Antes del 30 de abril de 1984 la hacienda Nápoles era el lugar de encuentro de prestigiosos periodistas y políticos. Incluso su dueño, Pablo Emilio Escobar Gaviria, era Representante a la Cámara. Habían rumores de sus malos pasos. Decían, ya en esa época, que era socio del nazi Klaus Barbie, el carnicero de Lyon, quien tenía hectáreas sembradas de hoja de coca en Bolivia, que había matado a varios jueces en Medellín y que había sido detenido por contrabandista en Ecuador. La periodista Maria Jimena Duzán encontró una foto de un Escobar veinteañero y sonriente, mientras era reseñado por la justicia ecuatoriana. La respuesta del capo fue mandar a recoger todas las ediciones del periódico y quemarlos. Además sentenció de muerte a Guillermo Cano, director del periódico.
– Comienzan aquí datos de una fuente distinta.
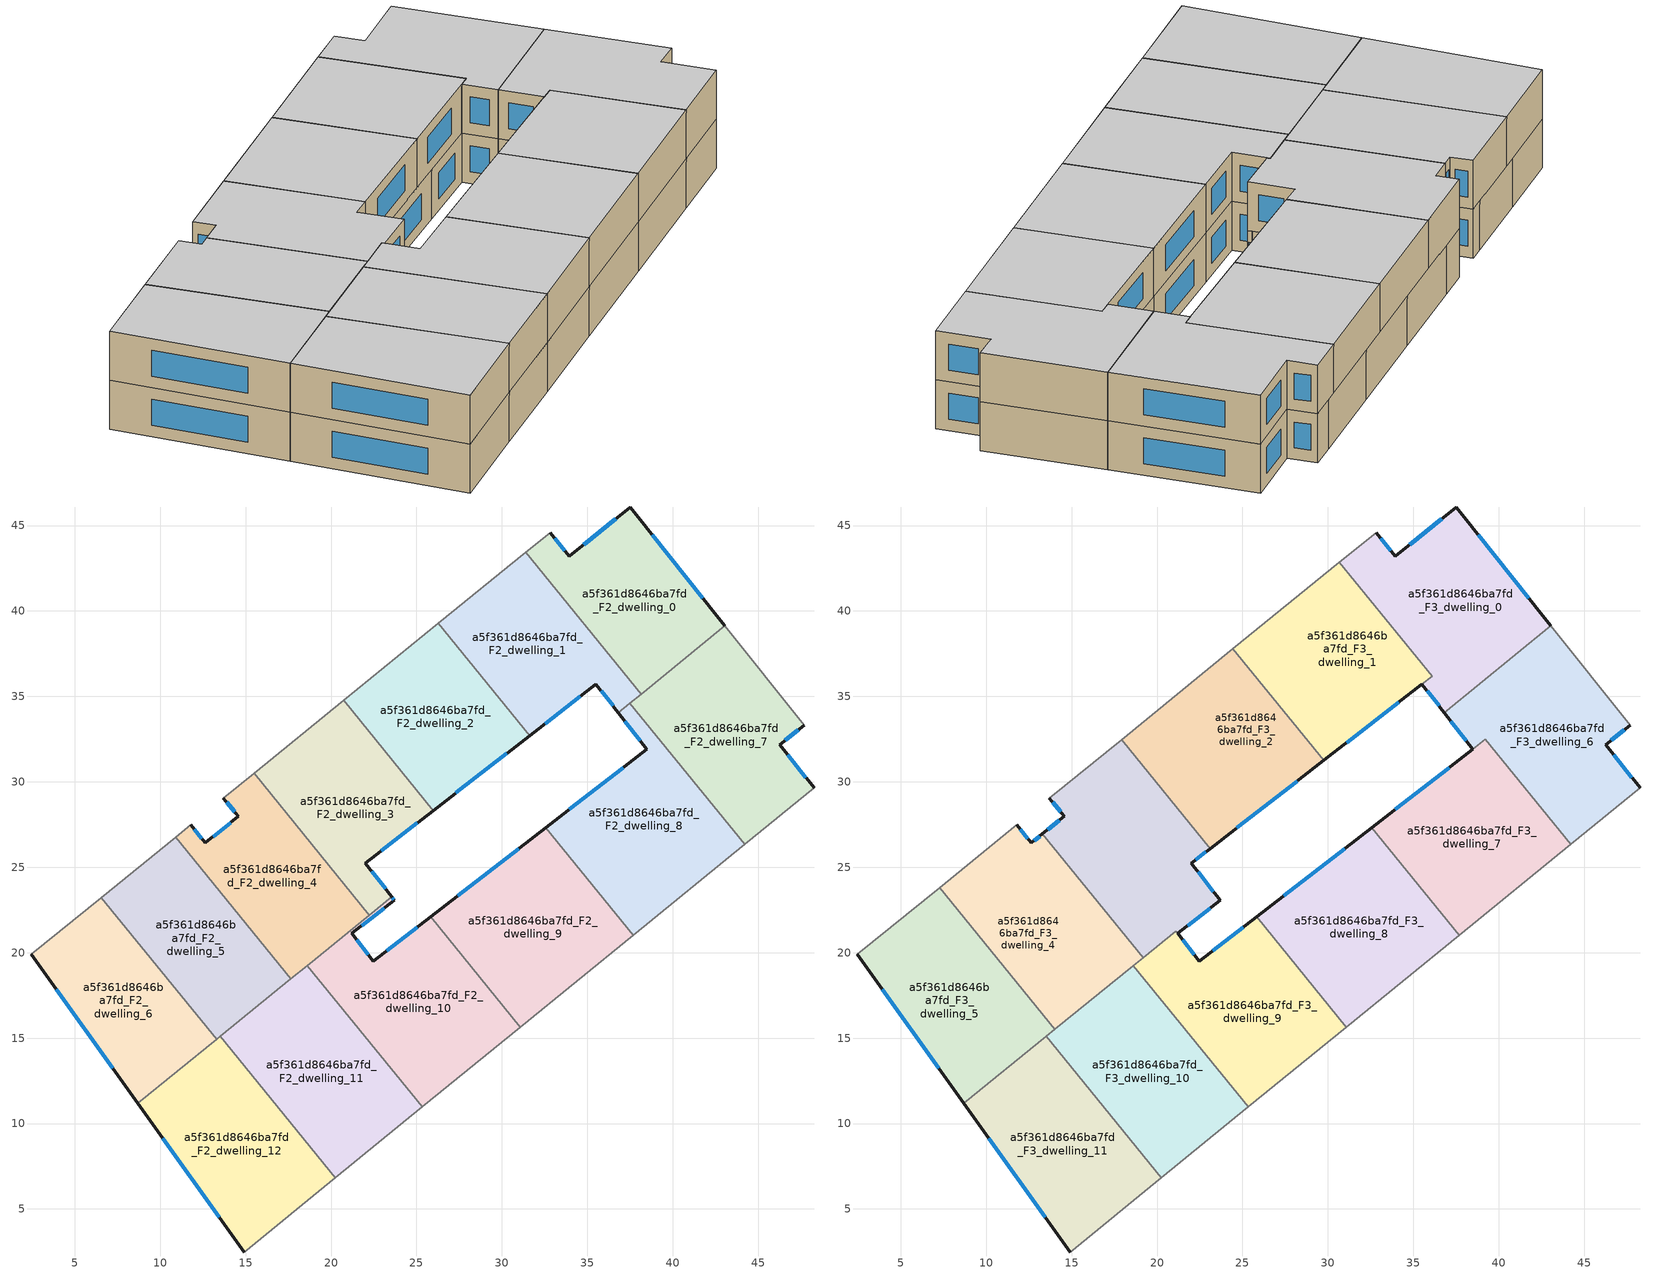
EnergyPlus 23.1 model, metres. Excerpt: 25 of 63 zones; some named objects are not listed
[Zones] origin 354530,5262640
a5f361d8646ba7fd_F2_dwelling_0
 floor to a5f361d8646ba7fd_F1_dwelling_0 (EU_floor_Construction): 37.51,46.09 43.06,39.12 38.15,35.14 31.4,43.44 32.82,44.59 33.96,43.2 z6
 wall outside (EU_wall_Construction): 43.06,39.12 37.51,46.09 33.96,43.2 32.82,44.59 z6:9
 wall to a5f361d8646ba7fd_F2_dwelling_1 (EU_wall_Construction): 31.4,43.44 38.15,35.14 z6:9
 wall adiabatic (EU_wall_Construction): 32.82,44.59 31.4,43.44 z6:9
 wall to a5f361d8646ba7fd_F2_dwelling_7 (EU_wall_Construction): 38.15,35.14 43.06,39.12 z6:9
 window (EU_Window_Construction): 41.75,40.76 38.81,44.45 / 33.69,43.52 33.09,44.26 / 36.67,45.41 34.79,43.87 z6.7:8.3
a5f361d8646ba7fd_F2_dwelling_1
 floor to a5f361d8646ba7fd_F1_dwelling_1 (EU_floor_Construction): 31.4,43.44 38.15,35.14 36.82,34.05 35.51,35.72 31.63,32.7 26.28,39.27 z6
 wall outside (EU_wall_Construction): 31.63,32.7 35.51,35.72 36.82,34.05 z6:9
 wall to a5f361d8646ba7fd_F2_dwelling_2 (EU_wall_Construction): 26.28,39.27 31.63,32.7 z6:9
 wall adiabatic (EU_wall_Construction): 31.4,43.44 26.28,39.27 z6:9
 wall to a5f361d8646ba7fd_F2_dwelling_8 (EU_wall_Construction): 36.82,34.05 37.49,34.6 z6:9
 wall to a5f361d8646ba7fd_F2_dwelling_7 (EU_wall_Construction): 37.49,34.6 38.15,35.14 z6:9
 window (EU_Window_Construction): 35.82,35.33 36.51,34.44 / 32.54,33.41 34.6,35.01 z6.7:8.3
 ceiling adiabatic (EU_roof_Construction): 36.1,36.18 30.68,42.85 31.4,43.44 30.67,42.84 z9
a5f361d8646ba7fd_F2_dwelling_10
 floor to a5f361d8646ba7fd_F1_dwelling_10 (EU_floor_Construction): 25.83,22.1 31.08,15.65 25.34,10.97 18.61,19.24 23.55,23.26 23.7,23.07 21.21,21.13 22.48,19.5 z6
 wall outside (EU_wall_Construction): 25.83,22.1 22.48,19.5 21.21,21.13 23.7,23.07 23.55,23.26 z6:9
 wall to a5f361d8646ba7fd_F2_dwelling_9 (EU_wall_Construction): 31.08,15.65 25.83,22.1 z6:9
 wall adiabatic (EU_wall_Construction): 25.34,10.97 31.08,15.65 z6:9
 wall to a5f361d8646ba7fd_F2_dwelling_11 (EU_wall_Construction): 18.61,19.24 25.34,10.97 z6:9
 wall to a5f361d8646ba7fd_F2_dwelling_4 (EU_wall_Construction): 22.24,22.2 18.61,19.24 z6:9
 wall to a5f361d8646ba7fd_F2_dwelling_3 (EU_wall_Construction): 23.55,23.26 22.24,22.2 z6:9
 window (EU_Window_Construction): 23.67,23.11 23.59,23.22 / 21.79,21.58 23.12,22.61 / 22.18,19.88 21.5,20.74 / 25.05,21.49 23.27,20.11 z6.7:8.3
a5f361d8646ba7fd_F2_dwelling_11
 floor to a5f361d8646ba7fd_F1_dwelling_11 (EU_floor_Construction): 18.61,19.24 25.34,10.97 20.25,6.83 13.52,15.11 z6
 wall adiabatic (EU_wall_Construction): 20.25,6.83 25.34,10.97 z6:9
 wall to a5f361d8646ba7fd_F2_dwelling_12 (EU_wall_Construction): 13.52,15.11 20.25,6.83 z6:9
 wall to a5f361d8646ba7fd_F2_dwelling_5 (EU_wall_Construction): 17.65,18.46 13.52,15.11 z6:9
 wall to a5f361d8646ba7fd_F2_dwelling_4 (EU_wall_Construction): 18.61,19.24 17.65,18.46 z6:9
a5f361d8646ba7fd_F2_dwelling_12
 floor to a5f361d8646ba7fd_F1_dwelling_12 (EU_floor_Construction): 13.52,15.11 20.25,6.83 14.91,2.48 8.7,11.18 z6
 wall outside (EU_wall_Construction): 8.7,11.18 14.91,2.48 z6:9
 wall adiabatic (EU_wall_Construction): 14.91,2.48 20.25,6.83 z6:9
 wall to a5f361d8646ba7fd_F2_dwelling_6 (EU_wall_Construction): 13.3,14.93 8.7,11.18 z6:9
 wall to a5f361d8646ba7fd_F2_dwelling_5 (EU_wall_Construction): 13.52,15.11 13.3,14.93 z6:9
 window (EU_Window_Construction): 10.16,9.14 13.45,4.52 z6.7:8.3
a5f361d8646ba7fd_F2_dwelling_2
 floor to a5f361d8646ba7fd_F1_dwelling_2 (EU_floor_Construction): 26.28,39.27 31.63,32.7 25.98,28.32 20.74,34.76 z6
 wall outside (EU_wall_Construction): 25.98,28.32 31.63,32.7 z6:9
 wall to a5f361d8646ba7fd_F2_dwelling_3 (EU_wall_Construction): 20.74,34.76 25.98,28.32 z6:9
 wall adiabatic (EU_wall_Construction): 26.28,39.27 20.74,34.76 z6:9
 window (EU_Window_Construction): 27.3,29.35 30.3,31.67 z6.7:8.3
a5f361d8646ba7fd_F2_dwelling_3
 floor to a5f361d8646ba7fd_F1_dwelling_3 (EU_floor_Construction): 20.74,34.76 25.98,28.32 22.01,25.25 23.55,23.26 22.24,22.2 15.49,30.5 z6
 wall outside (EU_wall_Construction): 23.55,23.26 22.01,25.25 25.98,28.32 z6:9
 wall to a5f361d8646ba7fd_F2_dwelling_4 (EU_wall_Construction): 15.49,30.5 22.24,22.2 z6:9
 wall adiabatic (EU_wall_Construction): 20.74,34.76 15.49,30.5 z6:9
 window (EU_Window_Construction): 23.19,23.73 22.37,24.78 / 22.94,25.97 25.04,27.6 z6.7:8.3
a5f361d8646ba7fd_F2_dwelling_4
 floor to a5f361d8646ba7fd_F1_dwelling_4 (EU_floor_Construction): 15.49,30.5 22.24,22.2 17.65,18.46 10.9,26.76 11.79,27.48 12.65,26.42 14.57,27.99 13.7,29.04 z6
 wall outside (EU_wall_Construction): 13.7,29.04 14.57,27.99 12.65,26.42 11.79,27.48 z6:9
 wall to a5f361d8646ba7fd_F2_dwelling_5 (EU_wall_Construction): 10.9,26.76 17.65,18.46 z6:9
 wall adiabatic (EU_wall_Construction): 11.79,27.48 10.9,26.76 / 15.49,30.5 13.7,29.04 z6:9
 window (EU_Window_Construction): 12.45,26.67 11.99,27.23 / 14.12,27.62 13.1,26.79 / 13.91,28.8 14.37,28.23 z6.7:8.3
a5f361d8646ba7fd_F2_dwelling_5
 floor to a5f361d8646ba7fd_F1_dwelling_5 (EU_floor_Construction): 10.9,26.76 17.65,18.46 13.3,14.93 6.55,23.23 z6
 wall to a5f361d8646ba7fd_F2_dwelling_6 (EU_wall_Construction): 6.55,23.23 13.3,14.93 z6:9
 wall adiabatic (EU_wall_Construction): 10.9,26.76 6.55,23.23 z6:9
a5f361d8646ba7fd_F2_dwelling_6
 floor to a5f361d8646ba7fd_F1_dwelling_6 (EU_floor_Construction): 6.55,23.23 13.3,14.93 8.7,11.18 2.47,19.9 z6
 wall outside (EU_wall_Construction): 2.47,19.9 8.7,11.18 z6:9
 wall adiabatic (EU_wall_Construction): 6.55,23.23 2.47,19.9 z6:9
 window (EU_Window_Construction): 3.93,17.86 7.23,13.23 z6.7:8.3
a5f361d8646ba7fd_F2_dwelling_7
 floor to a5f361d8646ba7fd_F1_dwelling_7 (EU_floor_Construction): 43.06,39.12 47.69,33.31 46.26,32.18 48.28,29.65 44.21,26.34 37.49,34.6 z6
 wall outside (EU_wall_Construction): 48.28,29.65 46.26,32.18 47.69,33.31 z6:9
 wall to a5f361d8646ba7fd_F2_dwelling_8 (EU_wall_Construction): 37.49,34.6 44.21,26.34 z6:9
 wall adiabatic (EU_wall_Construction): 47.69,33.31 43.06,39.12 / 44.21,26.34 48.28,29.65 z6:9
 window (EU_Window_Construction): 46.59,32.45 47.35,33.05 / 47.8,30.25 46.73,31.59 z6.7:8.3
a5f361d8646ba7fd_F2_dwelling_8
 floor to a5f361d8646ba7fd_F1_dwelling_8 (EU_floor_Construction): 38.48,31.92 36.82,34.05 37.49,34.6 44.21,26.34 37.68,21.02 32.56,27.32 z6
 wall outside (EU_wall_Construction): 36.82,34.05 38.48,31.92 32.56,27.32 z6:9
 wall adiabatic (EU_wall_Construction): 37.68,21.02 44.21,26.34 z6:9
 wall to a5f361d8646ba7fd_F2_dwelling_9 (EU_wall_Construction): 32.56,27.32 37.68,21.02 z6:9
 window (EU_Window_Construction): 37.21,33.55 38.09,32.42 / 37.09,30.84 33.95,28.4 z6.7:8.3
a5f361d8646ba7fd_F2_dwelling_9
 floor to a5f361d8646ba7fd_F1_dwelling_9 (EU_floor_Construction): 32.56,27.32 37.68,21.02 31.08,15.65 25.83,22.1 z6
 wall outside (EU_wall_Construction): 32.56,27.32 25.83,22.1 z6:9
 wall adiabatic (EU_wall_Construction): 31.08,15.65 37.68,21.02 z6:9
 window (EU_Window_Construction): 30.98,26.09 27.41,23.33 z6.7:8.3
a5f361d8646ba7fd_F3_dwelling_0
 floor to a5f361d8646ba7fd_F2_dwelling_0 (EU_floor_Construction): 37.51,46.09 43.06,39.12 38.15,35.14 31.4,43.44 32.82,44.59 33.96,43.2 z9
 floor to a5f361d8646ba7fd_F2_dwelling_1 (EU_floor_Construction): 31.4,43.44 38.15,35.14 36.82,34.05 35.51,35.72 36.1,36.18 30.68,42.85 z9
 wall outside (EU_wall_Construction): 43.06,39.12 37.51,46.09 33.96,43.2 32.82,44.59 / 35.51,35.72 36.82,34.05 z9:12
 wall adiabatic (EU_wall_Construction): 32.82,44.59 30.68,42.85 z9:12
 wall to a5f361d8646ba7fd_F3_dwelling_6 (EU_wall_Construction): 36.82,34.05 43.06,39.12 z9:12
 wall to a5f361d8646ba7fd_F3_dwelling_1 (EU_wall_Construction): 30.68,42.85 36.1,36.18 35.51,35.72 z9:12
 window (EU_Window_Construction): 33.69,43.52 33.09,44.26 / 36.67,45.41 34.79,43.87 / 41.75,40.76 38.81,44.45 / 35.82,35.33 36.51,34.44 z9.7:11.3
 ceiling to a5f361d8646ba7fd_F4_dwelling_0 (EU_floor_Construction): 43.06,39.12 37.51,46.09 33.96,43.2 32.82,44.59 30.68,42.85 36.1,36.18 35.51,35.72 36.82,34.05 z12
a5f361d8646ba7fd_F3_dwelling_1
 floor to a5f361d8646ba7fd_F2_dwelling_1 (EU_floor_Construction): 30.67,42.84 36.1,36.18 31.63,32.7 26.28,39.27 z9
 floor to a5f361d8646ba7fd_F2_dwelling_2 (EU_floor_Construction): 26.28,39.27 31.63,32.7 29.76,31.25 24.45,37.78 z9
 wall outside (EU_wall_Construction): 29.76,31.25 35.51,35.71 z9:12
 wall to a5f361d8646ba7fd_F3_dwelling_2 (EU_wall_Construction): 24.45,37.78 29.76,31.25 z9:12
 wall adiabatic (EU_wall_Construction): 30.67,42.84 24.45,37.78 z9:12
 window (EU_Window_Construction): 31.11,32.3 34.16,34.67 z9.7:11.3
 ceiling to a5f361d8646ba7fd_F4_dwelling_1 (EU_floor_Construction): 36.1,36.18 30.67,42.84 24.45,37.78 29.76,31.25 z12
a5f361d8646ba7fd_F3_dwelling_10
 floor to a5f361d8646ba7fd_F2_dwelling_11 (EU_floor_Construction): 18.61,19.24 25.34,10.97 20.25,6.83 13.52,15.11 z9
 wall to a5f361d8646ba7fd_F3_dwelling_9 (EU_wall_Construction): 25.34,10.97 18.61,19.24 z9:12
 wall adiabatic (EU_wall_Construction): 20.25,6.83 25.34,10.97 z9:12
 wall to a5f361d8646ba7fd_F3_dwelling_11 (EU_wall_Construction): 13.52,15.11 20.25,6.83 z9:12
 wall to a5f361d8646ba7fd_F3_dwelling_4 (EU_wall_Construction): 18.61,19.24 14.03,15.52 z9:12
 wall to a5f361d8646ba7fd_F3_dwelling_5 (EU_wall_Construction): 14.03,15.52 13.52,15.11 z9:12
 ceiling to a5f361d8646ba7fd_F4_dwelling_10 (EU_floor_Construction): 25.34,10.97 18.61,19.24 13.52,15.11 20.25,6.83 z12
a5f361d8646ba7fd_F3_dwelling_11
 floor to a5f361d8646ba7fd_F2_dwelling_12 (EU_floor_Construction): 13.52,15.11 20.25,6.83 14.91,2.48 8.7,11.18 z9
 wall outside (EU_wall_Construction): 8.7,11.18 14.91,2.48 z9:12
 wall adiabatic (EU_wall_Construction): 14.91,2.48 20.25,6.83 z9:12
 wall to a5f361d8646ba7fd_F3_dwelling_5 (EU_wall_Construction): 13.52,15.11 8.7,11.18 z9:12
 window (EU_Window_Construction): 10.16,9.14 13.45,4.52 z9.7:11.3
 ceiling to a5f361d8646ba7fd_F4_dwelling_11 (EU_floor_Construction): 20.25,6.83 13.52,15.11 8.7,11.18 14.91,2.48 z12
a5f361d8646ba7fd_F3_dwelling_2
 floor to a5f361d8646ba7fd_F2_dwelling_2 (EU_floor_Construction): 24.45,37.78 29.76,31.25 25.98,28.32 20.74,34.76 z9
 floor to a5f361d8646ba7fd_F2_dwelling_3 (EU_floor_Construction): 20.74,34.76 25.98,28.32 23.11,26.1 17.92,32.47 z9
 wall outside (EU_wall_Construction): 23.11,26.1 29.76,31.25 z9:12
 wall to a5f361d8646ba7fd_F3_dwelling_3 (EU_wall_Construction): 17.92,32.47 23.11,26.1 z9:12
 wall adiabatic (EU_wall_Construction): 24.45,37.78 17.92,32.47 z9:12
 window (EU_Window_Construction): 24.67,27.31 28.19,30.04 z9.7:11.3
 ceiling to a5f361d8646ba7fd_F4_dwelling_2 (EU_floor_Construction): 29.76,31.25 24.45,37.78 17.92,32.47 23.11,26.1 z12
a5f361d8646ba7fd_F3_dwelling_3
 floor to a5f361d8646ba7fd_F2_dwelling_3 (EU_floor_Construction): 17.92,32.47 23.11,26.1 22.01,25.25 23.55,23.26 22.24,22.2 15.49,30.5 z9
 floor to a5f361d8646ba7fd_F2_dwelling_10 (EU_floor_Construction): 23.55,23.26 23.7,23.07 21.21,21.13 21.1,21.27 19.28,19.79 z9
 floor to a5f361d8646ba7fd_F2_dwelling_4 (EU_floor_Construction): 15.49,30.5 22.24,22.2 19.28,19.79 19.18,19.71 13.3,26.95 14.57,27.99 13.7,29.04 z9
 wall outside (EU_wall_Construction): 13.7,29.04 14.57,27.99 13.3,26.95 / 21.21,21.13 23.7,23.07 22.01,25.25 23.11,26.1 z9:12
 wall to a5f361d8646ba7fd_F3_dwelling_4 (EU_wall_Construction): 13.3,26.95 19.18,19.71 z9:12
 wall adiabatic (EU_wall_Construction): 17.92,32.47 13.7,29.04 z9:12
 wall to a5f361d8646ba7fd_F3_dwelling_9 (EU_wall_Construction): 19.18,19.71 21.1,21.27 21.21,21.13 z9:12
 window (EU_Window_Construction): 14.27,27.74 13.6,27.19 / 13.91,28.8 14.37,28.23 / 22.27,25.45 22.85,25.9 / 23.31,23.58 22.41,24.73 / 21.79,21.58 23.12,22.61 z9.7:11.3
 ceiling to a5f361d8646ba7fd_F4_dwelling_3 (EU_floor_Construction): 21.21,21.13 23.7,23.07 22.01,25.25 23.11,26.1 17.92,32.47 13.7,29.04 14.57,27.99 13.3,26.95 19.18,19.71 21.1,21.27 z12
a5f361d8646ba7fd_F3_dwelling_4
 floor to a5f361d8646ba7fd_F2_dwelling_4 (EU_floor_Construction): 13.3,26.95 19.18,19.71 17.65,18.46 10.9,26.76 11.79,27.48 12.65,26.42 z9
 floor to a5f361d8646ba7fd_F2_dwelling_5 (EU_floor_Construction): 10.9,26.76 17.65,18.46 14.03,15.52 7.28,23.81 z9
 wall outside (EU_wall_Construction): 13.3,26.95 12.65,26.42 11.79,27.48 z9:12
 wall to a5f361d8646ba7fd_F3_dwelling_5 (EU_wall_Construction): 7.28,23.82 14.03,15.52 z9:12
 wall adiabatic (EU_wall_Construction): 11.79,27.48 7.28,23.82 z9:12
 wall to a5f361d8646ba7fd_F3_dwelling_9 (EU_wall_Construction): 18.61,19.24 19.18,19.71 z9:12
 window (EU_Window_Construction): 12.45,26.67 11.99,27.23 / 13.14,26.82 12.8,26.55 z9.7:11.3
 ceiling to a5f361d8646ba7fd_F4_dwelling_4 (EU_floor_Construction): 19.18,19.71 13.3,26.95 12.65,26.42 11.79,27.48 7.28,23.82 14.03,15.52 z12
a5f361d8646ba7fd_F3_dwelling_5
 floor to a5f361d8646ba7fd_F2_dwelling_6 (EU_floor_Construction): 6.55,23.23 13.3,14.93 8.7,11.18 2.47,19.9 z9
 floor to a5f361d8646ba7fd_F2_dwelling_5 (EU_floor_Construction): 7.28,23.81 14.03,15.52 13.3,14.93 6.55,23.23 z9
 wall outside (EU_wall_Construction): 2.47,19.9 8.7,11.18 z9:12
 wall adiabatic (EU_wall_Construction): 7.28,23.82 2.47,19.9 z9:12
 window (EU_Window_Construction): 3.93,17.86 7.23,13.23 z9.7:11.3
 ceiling to a5f361d8646ba7fd_F4_dwelling_5 (EU_floor_Construction): 14.03,15.52 7.28,23.82 2.47,19.9 8.7,11.18 z12
a5f361d8646ba7fd_F3_dwelling_6
 floor to a5f361d8646ba7fd_F2_dwelling_7 (EU_floor_Construction): 43.06,39.12 47.69,33.31 46.26,32.18 48.28,29.65 44.21,26.34 37.49,34.6 z9
 floor to a5f361d8646ba7fd_F2_dwelling_8 (EU_floor_Construction): 37.49,34.6 39.21,32.48 38.48,31.92 36.82,34.05 z9
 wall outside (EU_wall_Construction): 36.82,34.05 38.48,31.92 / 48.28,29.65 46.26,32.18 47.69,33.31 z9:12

Empezaron los debates, el afán en una especie de carrera hacia la muerte. Uno de sus más cercanos amigos, su jefe en el partido Liberal, Luis Carlos Galán, le recordaba todo el tiempo a quién se enfrentaba. ¿No se daba cuenta de los riesgos? Entre más le recomendaban mesura más alzaba la voz. El debate en el congreso de abril de 1984 fue contundente. Frente a un tablero improvisado demostró que Pablo Escobar no sólo tenía contactos con el narcotráfico sino que era el narco mismo. Inmmediatamente la visa a los Estados Unidos a Escobar le fue suspendida. Con la sangre en el ojo por lo que, según él, le había hecho el ministro de Justicia, contraatacó y le envió dos sicarios para matarlo. Y así lo hicieron. El 30 de abril de 1984 nos quedó claro que nadie, ni siquiera el ministro de justicia, estaba a salvo de la venganza de Escobar.
En algún momento de sus últimos días, cuando el capo estaba acorralado, sin poder ver a su familia, hay indicios, según su prima, la que le dio la última acogida en su casa cerca del estadio, que el capo se lamentaba de esa vida de estar corriendo, de huidas a último minuto, una vida lejos de su familia. Todo eso lo desembocó la atrocidad de mandar a matar a un ministro de justicia.